What to work on:
Among the entries beneath this sentence, how many lines include the word "Manual"? Only the number is wanted.

↓

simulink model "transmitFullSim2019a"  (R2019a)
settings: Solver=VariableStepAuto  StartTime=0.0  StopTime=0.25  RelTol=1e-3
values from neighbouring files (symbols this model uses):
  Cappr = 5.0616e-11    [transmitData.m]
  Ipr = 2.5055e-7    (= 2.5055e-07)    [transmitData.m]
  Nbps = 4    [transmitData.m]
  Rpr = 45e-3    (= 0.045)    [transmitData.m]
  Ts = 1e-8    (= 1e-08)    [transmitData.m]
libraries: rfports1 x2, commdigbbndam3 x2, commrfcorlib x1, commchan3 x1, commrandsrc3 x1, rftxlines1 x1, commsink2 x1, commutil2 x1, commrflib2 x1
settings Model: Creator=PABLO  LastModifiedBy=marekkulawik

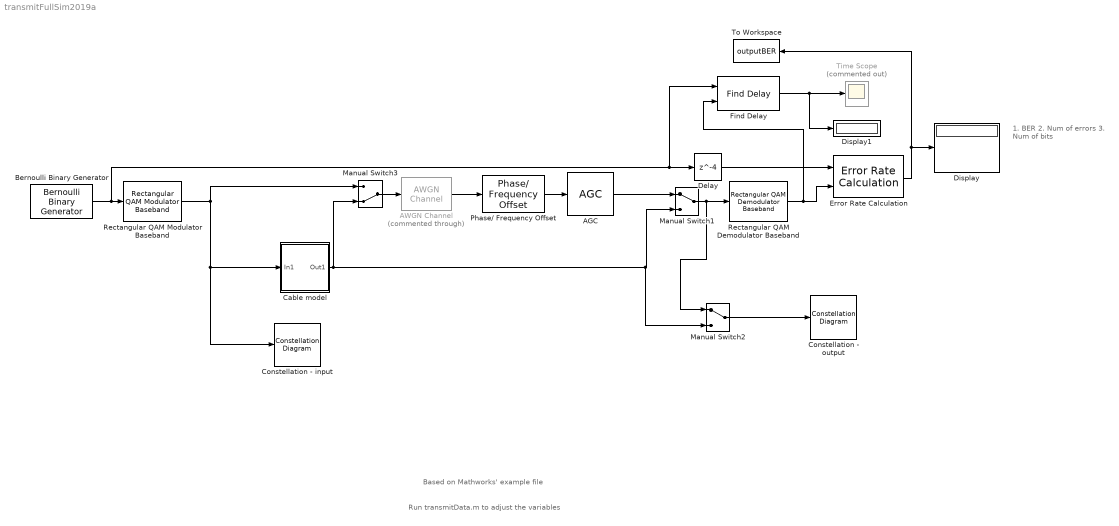
== system transmitFullSim2019a ==
  note: 1. BER
      | 2. Num of errors
      | 3. Num of bits
  note: Run transmitData.m to adjust the variables
  note: Based on Mathworks' example file
  AGC : commrfcorlib/AGC  LegacyMode=off  DetectorMethod=Rectifier  LoopMethod=Linear  UpdatePeriod=100  StepSize=0.1  AdaptationStepSize=0.001  DesiredOutputPower=1  AveragingLength=100  MaximumGain=30  MaxPowerGain=60  GainOutputPort=off  InputPowerOutputPort=off  SimulateUsing=Interpreted execution
      settings: SourceProductName=Communications Toolbox
  AWGN Channel : commchan3/AWGN Channel  Commented=through  InputProcessing=Columns as channels (frame based)  seed=54321  noiseMode="Signal to noise ratio  (SNR)"  EbNodB=EbN0  EsNodB=40  SNRdB=SNR  bitsPerSym=Nbps  Ps=1  Tsym=1e-4*Nbps  variance=1
      settings: SourceProductName=Communications Toolbox
  Bernoulli Binary Generator : commrandsrc3/Bernoulli Binary Generator  ProbabilityOfZero=0.5  SeedSource=Auto  Seed=0  SampleTime=Ts  SamplesPerFrame=Nbps*1  OutputDataType=boolean  SimulateUsing=Interpreted execution
      settings: SourceProductName=Communications Toolbox
  Cable model : Subsystem
  Constellation - input : ConstellationDiagram
  Constellation - output : ConstellationDiagram
  "Delay " : Delay  DelayLength=4  InitialCondition=0
  Display : Display
  Display1 : Display
  Error Rate Calculation : commsink2/Error Rate Calculation  N=0  st_delay=0  cp_mode=Entire frame  subframe=[]  PMode=Port  WsName=ErrorVec  RsMode2=off  stop=on  numErr=tgtMaxErr  maxBits=1e8
      settings: SourceProductName=Communications Toolbox
  Find Delay : commutil2/Find Delay  corrLength=1000  chgSigOP=off  stopUpdate=off  numConstDelay=3
      settings: SourceProductName=Communications Toolbox  SourceProductBaseCode=CM
  Manual Switch1 : ManualSwitch
  Manual Switch2 : ManualSwitch
  Manual Switch3 : ManualSwitch  CurrentSetting=0
  Phase/ Frequency Offset : commrflib2/Phase// Frequency Offset  phaseOffset=270+56.5  freqPort=off  freqOffset=0
      settings: SourceProductName=Communications Toolbox
  Rectangular QAM Demodulator Baseband : commdigbbndam3/Rectangular QAM Demodulator Baseband  M=2^Nbps  OutType=Bit  DecType=Hard decision  VarSource=Dialog  Variance=1  Dec=Binary  Mapping=[0:15]  PowType=Average Power  MinDist=2  AvgPow=1  PeakPow=1  Ph=0  outDtype1=boolean  outDtype2=uint8  derotateFactorWordLen=16  derotateFactorDataTypeStr=Inherit: Same word length as input  derotateFactorLastDataTypeStr=Inherit: Same word length as input  denormFactorWordLen=16  denormFactorDataTypeStr=Inherit: Same word length as input  denormFactorLastDataTypeStr=Inherit: Same word length as input  prodOutWordLen=32  prodOutOverflowMode=Wrap  prodOutRoundingMode=Floor  prodOutOvFlMode=off  prodOutOvFlModeLastStrValue=off  sumWordLen=32
      settings: SourceProductName=Communications Toolbox
  Rectangular QAM Modulator Baseband : commdigbbndam3/Rectangular QAM Modulator Baseband  M=2^Nbps  InType=Bit  Enc=Binary  Mapping=[0:15]  PowType=Average Power  MinDist=2  AvgPow=1  PeakPow=1  Ph=0  outDtype=single  outWordLen=16  outUDDataType=sfix(16)  outFracLenMode=Best precision  outFracLen=15  outDataTypeStr=single  outLastDataTypeStr=single
      settings: SourceProductName=Communications Toolbox
  Time Scope : Scope  Commented=on
  To Workspace : ToWorkspace  VariableName=outputBER  SampleTime=-1
      settings: MaxDataPoints=1  Save2DSignal=2-D array (concatenate along first dimension)
  wires:
  Bernoulli Binary Generator/1 -> Find Delay/1, "Delay "/1, Rectangular QAM Modulator Baseband/1
  Error Rate Calculation/1 -> To Workspace/1, Display/1
  Rectangular QAM Demodulator Baseband/1 -> Find Delay/2, Error Rate Calculation/2
  Rectangular QAM Modulator Baseband/1 -> Cable model/1(In1), Constellation - input/1, Manual Switch3/1
  Manual Switch1/1 -> Manual Switch2/1, Rectangular QAM Demodulator Baseband/1
  Manual Switch2/1 -> Constellation - output/1
  Manual Switch3/1 -> AWGN Channel/1
  AWGN Channel/1 -> Phase/ Frequency Offset/1
  Cable model/1(Out1) -> Manual Switch2/2, Manual Switch1/2, Manual Switch3/2
  Phase/ Frequency Offset/1 -> AGC/1
  AGC/1 -> Manual Switch1/1
  Find Delay/1 -> Display1/1, Time Scope/1
  "Delay "/1 -> Error Rate Calculation/1

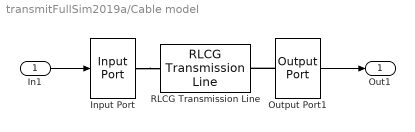
== system transmitFullSim2019a/Cable model ==
  In1 : Inport
  Input Port : rfports1/Input Port  Description=source block  TreatSimulinkInputSignalAs=Source voltage  MaxLength=128  FracBW=0  ModelDelay=0  Fc=2e9  Ts=Nbps*Ts  Zs=50  RFhasDSP=Elements as channels (sample based)  NoiseFlag=off  seed=67987  GoToTag=ACDDBEEHCAIHFUJKVTSPJSL
      settings: SourceProductName=RF Blockset  SourceProductBaseCode=RB
  Output Port1 : rfports1/Output Port  Zl=50  Flag=0  num_Models=0  GoToTag=ACDDBEEHCAIHFUJKVTSPJSL  PlotFreq=User-specified  SourceFreq=Derived from Input Port parameters  Freq=1e9:1e8:3e9  AllPlotType=X-Y plane  AppliedNetworkData=S11  AppliedComplexFormat=Magnitude (decibels)  AppliedNetworkData2=""  AppliedXParameter=Freq  AppliedXFormat=Hz  YOption=Linear  XOption=Linear  PlotZ0=50  DisplayData=off  NoBudgetPlot=Composite data  NetworkData=S11  SmithData=S11  PolarData=S11  ComplexFormat=Magnitude (decibels)  DBFormat=Magnitude (decibels)  DBMFormat=dBm  NoneFormat=None
      settings: SourceProductName=RF Blockset  SourceProductBaseCode=RB
  RLCG Transmission Line : rftxlines1/RLCG Transmission Line  LConnTagsString=__newl0  RConnTagsString=__newr0  R=Rpr  L=Ipr  C=Cappr  G=Conpr  ParamFreq=freq  InterpMethod=Linear  LineLength=length  StubMode=Not a stub  Termination=Open  PlotFreq=User-specified  SourceFreq=User-specified  Freq=[1e9:1.0e6:3e9]  AllPlotType=X-Y plane  AppliedNetworkData=S21  AppliedComplexFormat=Angle (degrees)  AppliedNetworkData2=""  AppliedComplexFormat2=""  AppliedXParameter=Freq  AppliedXFormat=Hz  YOption=Linear  XOption=Linear  PlotZ0=50  DisplayData=off  PlotFreqNoSim=User-specified  NetworkData=S21  SmithData=S11  PolarData=S11  ComplexFormat=Angle  DBFormat=Magnitude (decibels)  NoneFormat=None
      settings: SourceProductName=RF Blockset  SourceProductBaseCode=RB
  Out1 : Outport
  wires:
  In1/1 -> Input Port/1
  Output Port1/1 -> Out1/1
  connections:
  Output Port1/LConn1 -- RLCG Transmission Line/RConn1
  Input Port/RConn1 -- RLCG Transmission Line/LConn1

↑

Response box:
9